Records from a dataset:
*****

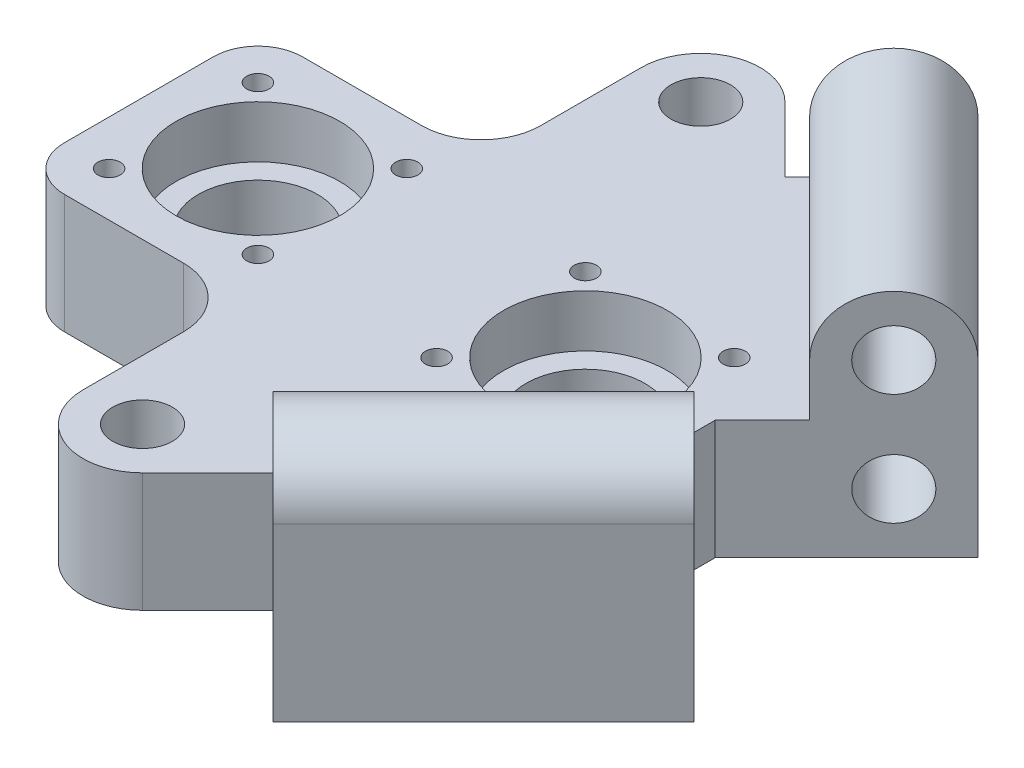
from build123d import *

# Parameters (mm, degrees)
SKETCH1_R           = 11
SKETCH1_R_2         = 1.5
SKETCH1_R_3         = 4
BOSS_EXTRUDE1_DEPTH = 16
SKETCH1_4_R         = 11
SKETCH1_4_R_2       = 8
BOSS_EXTRUDE2_DEPTH = 9
SKETCH2_R           = 4
CUT_EXTRUDE1_DEPTH  = 204.169017313
SKETCH3_R           = 4
CUT_EXTRUDE2_DEPTH  = 204.169017313
SKETCH1_5_R         = 11
SKETCH1_5_R_2       = 8
BOSS_EXTRUDE3_DEPTH = 9
CUT_EXTRUDE3_DEPTH  = 2.5
SKETCH5_R           = 4
BOSS_EXTRUDE4_DEPTH = 40
SKETCH6_R           = 4
BOSS_EXTRUDE5_DEPTH = 40


with BuildPart() as part:
    # Sketch1 → Boss-Extrude1 (new body)
    with BuildSketch(Plane(origin=(0, 0, 0), x_dir=(1, 0, 0), z_dir=(0, 1, 0))):
        with BuildLine():
            Line((196.404615305, 34.409093194), (187.656854249, 43.156854249))
            ThreePointArc((187.656854249, 43.156854249), (178.938532541, 44.89103626), (174, 37.5))
            Line((174, 37.5), (174, 24))
            ThreePointArc((174, 24), (171.656854249, 18.343145751), (166, 16))
            Line((166, 16), (150, 16))
            ThreePointArc((150, 16), (145.757359313, 14.242640687), (144, 10))
            Line((144, 10), (144, -10))
            ThreePointArc((144, -10), (145.757359313, -14.242640687), (150, -16))
            Line((150, -16), (166, -16))
            ThreePointArc((166, -16), (171.656854249, -18.343145751), (174, -24))
            Line((174, -24), (174, -37.5))
            ThreePointArc((174, -37.5), (178.938532541, -44.89103626), (187.656854249, -43.156854249))
            Line((187.656854249, -43.156854249), (196.404615305, -34.409093194))
            Line((196.404615305, -34.409093194), (209.37167645, -47.376154339))
            Line((209.37167645, -47.376154339), (237.655947698, -19.091883092))
            Line((237.655947698, -19.091883092), (220, -1.435935394))
            Line((220, -1.435935394), (220, 1.435935394))
            Line((220, 1.435935394), (237.655947698, 19.091883092))
            Line((237.655947698, 19.091883092), (209.37167645, 47.376154339))
            Line((209.37167645, 47.376154339), (196.404615305, 34.409093194))
        make_face()
        with Locations(Location((160, 0, 0), (0, 0, 270))):
            Circle(SKETCH1_R, mode=Mode.SUBTRACT)
        with Locations(Location((150, 10, 0), (0, 0, 270))):
            Circle(SKETCH1_R_2, mode=Mode.SUBTRACT)
        with Locations(Location((170, 10, 0), (0, 0, 270))):
            Circle(SKETCH1_R_2, mode=Mode.SUBTRACT)
        with Locations(Location((170, -10, 0), (0, 0, 270))):
            Circle(SKETCH1_R_2, mode=Mode.SUBTRACT)
        with Locations(Location((150, -10, 0), (0, 0, 270))):
            Circle(SKETCH1_R_2, mode=Mode.SUBTRACT)
        with Locations(Location((204, 0, 0), (0, 0, 270))):
            Circle(SKETCH1_R, mode=Mode.SUBTRACT)
        with Locations(Location((182, 37.5, 0), (0, 0, 270))):
            Circle(SKETCH1_R_3, mode=Mode.SUBTRACT)
        with Locations(Location((194, 10, 0), (0, 0, 270))):
            Circle(SKETCH1_R_2, mode=Mode.SUBTRACT)
        with Locations(Location((214, 10, 0), (0, 0, 270))):
            Circle(SKETCH1_R_2, mode=Mode.SUBTRACT)
        with Locations(Location((214, -10, 0), (0, 0, 270))):
            Circle(SKETCH1_R_2, mode=Mode.SUBTRACT)
        with Locations(Location((194, -10, 0), (0, 0, 270))):
            Circle(SKETCH1_R_2, mode=Mode.SUBTRACT)
        with Locations(Location((182, -37.5, 0), (0, 0, 270))):
            Circle(SKETCH1_R_3, mode=Mode.SUBTRACT)
    extrude(amount=BOSS_EXTRUDE1_DEPTH)

    # Sketch1<4> → Boss-Extrude2 (add)
    with BuildSketch(Plane(origin=(0, 0, 0), x_dir=(1, 0, 0), z_dir=(0, 1, 0))):
        with Locations(Location((204, 0, 0), (0, 0, 270))):
            Circle(SKETCH1_4_R)
        with Locations(Location((204, 0, 0), (0, 0, 270))):
            Circle(SKETCH1_4_R_2, mode=Mode.SUBTRACT)
    extrude(amount=BOSS_EXTRUDE2_DEPTH)

    # Sketch2 → Cut-Extrude1 (cut, through all)
    with BuildSketch(Plane(origin=(109.282032303, 0, 109.282032303), x_dir=(0.7071067811865286, 0, -0.7071067811865666), z_dir=(0.7071067811865666, 0, 0.7071067811865286))):
        with Locations((173.548132206, 8)):
            Circle(SKETCH2_R)
    extrude(amount=-CUT_EXTRUDE1_DEPTH, mode=Mode.SUBTRACT)

    # Sketch3 → Cut-Extrude2 (cut, through all)
    with BuildSketch(Plane(origin=(109.282032303, 0, -109.282032303), x_dir=(-0.7071067811865511, 0, -0.707106781186544), z_dir=(0.707106781186544, 0, -0.7071067811865511))):
        with Locations((-173.548132206, 8)):
            Circle(SKETCH3_R)
    extrude(amount=-CUT_EXTRUDE2_DEPTH, mode=Mode.SUBTRACT)

    # Sketch1<5> → Boss-Extrude3 (add)
    with BuildSketch(Plane(origin=(0, 0, 0), x_dir=(1, 0, 0), z_dir=(0, 1, 0))):
        with Locations(Location((160, 0, 0), (0, 0, 270))):
            Circle(SKETCH1_5_R)
        with Locations(Location((160, 0, 0), (0, 0, 270))):
            Circle(SKETCH1_5_R_2, mode=Mode.SUBTRACT)
    extrude(amount=BOSS_EXTRUDE3_DEPTH)

    # Sketch4 → Cut-Extrude3 (cut)
    with BuildSketch(Plane.XZ):
        Polygon((153.464101615, 10), (151.732050808, 13), (148.267949192, 13), (146.535898385, 10), (148.267949192, 7), (151.732050808, 7), align=None)
        Polygon((173.464101615, 10), (171.732050808, 13), (168.267949192, 13), (166.535898385, 10), (168.267949192, 7), (171.732050808, 7), align=None)
        Polygon((153.464101615, -10), (151.732050808, -7), (148.267949192, -7), (146.535898385, -10), (148.267949192, -13), (151.732050808, -13), align=None)
        Polygon((173.464101615, -10), (171.732050808, -7), (168.267949192, -7), (166.535898385, -10), (168.267949192, -13), (171.732050808, -13), align=None)
        Polygon((197.464101615, 10), (195.732050808, 13), (192.267949192, 13), (190.535898385, 10), (192.267949192, 7), (195.732050808, 7), align=None)
        Polygon((217.464101615, 10), (215.732050808, 13), (212.267949192, 13), (210.535898385, 10), (212.267949192, 7), (215.732050808, 7), align=None)
        Polygon((197.464101615, -10), (195.732050808, -7), (192.267949192, -7), (190.535898385, -10), (192.267949192, -13), (195.732050808, -13), align=None)
        Polygon((217.464101615, -10), (215.732050808, -7), (212.267949192, -7), (210.535898385, -10), (212.267949192, -13), (215.732050808, -13), align=None)
    extrude(amount=-CUT_EXTRUDE3_DEPTH, mode=Mode.SUBTRACT)

    # Sketch5 → Boss-Extrude4 (add)
    with BuildSketch(Plane(origin=(80.997761055, 0, -80.997761055), x_dir=(0.7071067811865509, 0, 0.7071067811865441), z_dir=(-0.7071067811865441, 0, 0.7071067811865509))):
        with BuildLine():
            Line((181.548132206, 16), (181.548132206, 23))
            ThreePointArc((181.548132206, 23), (173.548132206, 31), (165.548132206, 23))
            Line((165.548132206, 23), (165.548132206, 16))
            Line((165.548132206, 16), (181.548132206, 16))
        make_face()
        with Locations((173.548132206, 23)):
            Circle(SKETCH5_R, mode=Mode.SUBTRACT)
    extrude(amount=-BOSS_EXTRUDE4_DEPTH)

    # Sketch6 → Boss-Extrude5 (add)
    with BuildSketch(Plane(origin=(80.997761055, 0, 80.997761055), x_dir=(-0.7071067811865172, 0, 0.707106781186578), z_dir=(-0.707106781186578, 0, -0.7071067811865172))):
        with BuildLine():
            Line((-165.548132206, 16), (-165.548132206, 23))
            ThreePointArc((-165.548132206, 23), (-173.548132206, 31), (-181.548132206, 23))
            Line((-181.548132206, 23), (-181.548132206, 16))
            Line((-181.548132206, 16), (-165.548132206, 16))
        make_face()
        with Locations((-173.548132206, 23)):
            Circle(SKETCH6_R, mode=Mode.SUBTRACT)
    extrude(amount=-BOSS_EXTRUDE5_DEPTH)


solid = part.part

*****

**ABOUT THIS TASK:** One number is the expected answer: the count of lines above that hold the word "amount".

**RESPONSE AREA:** 8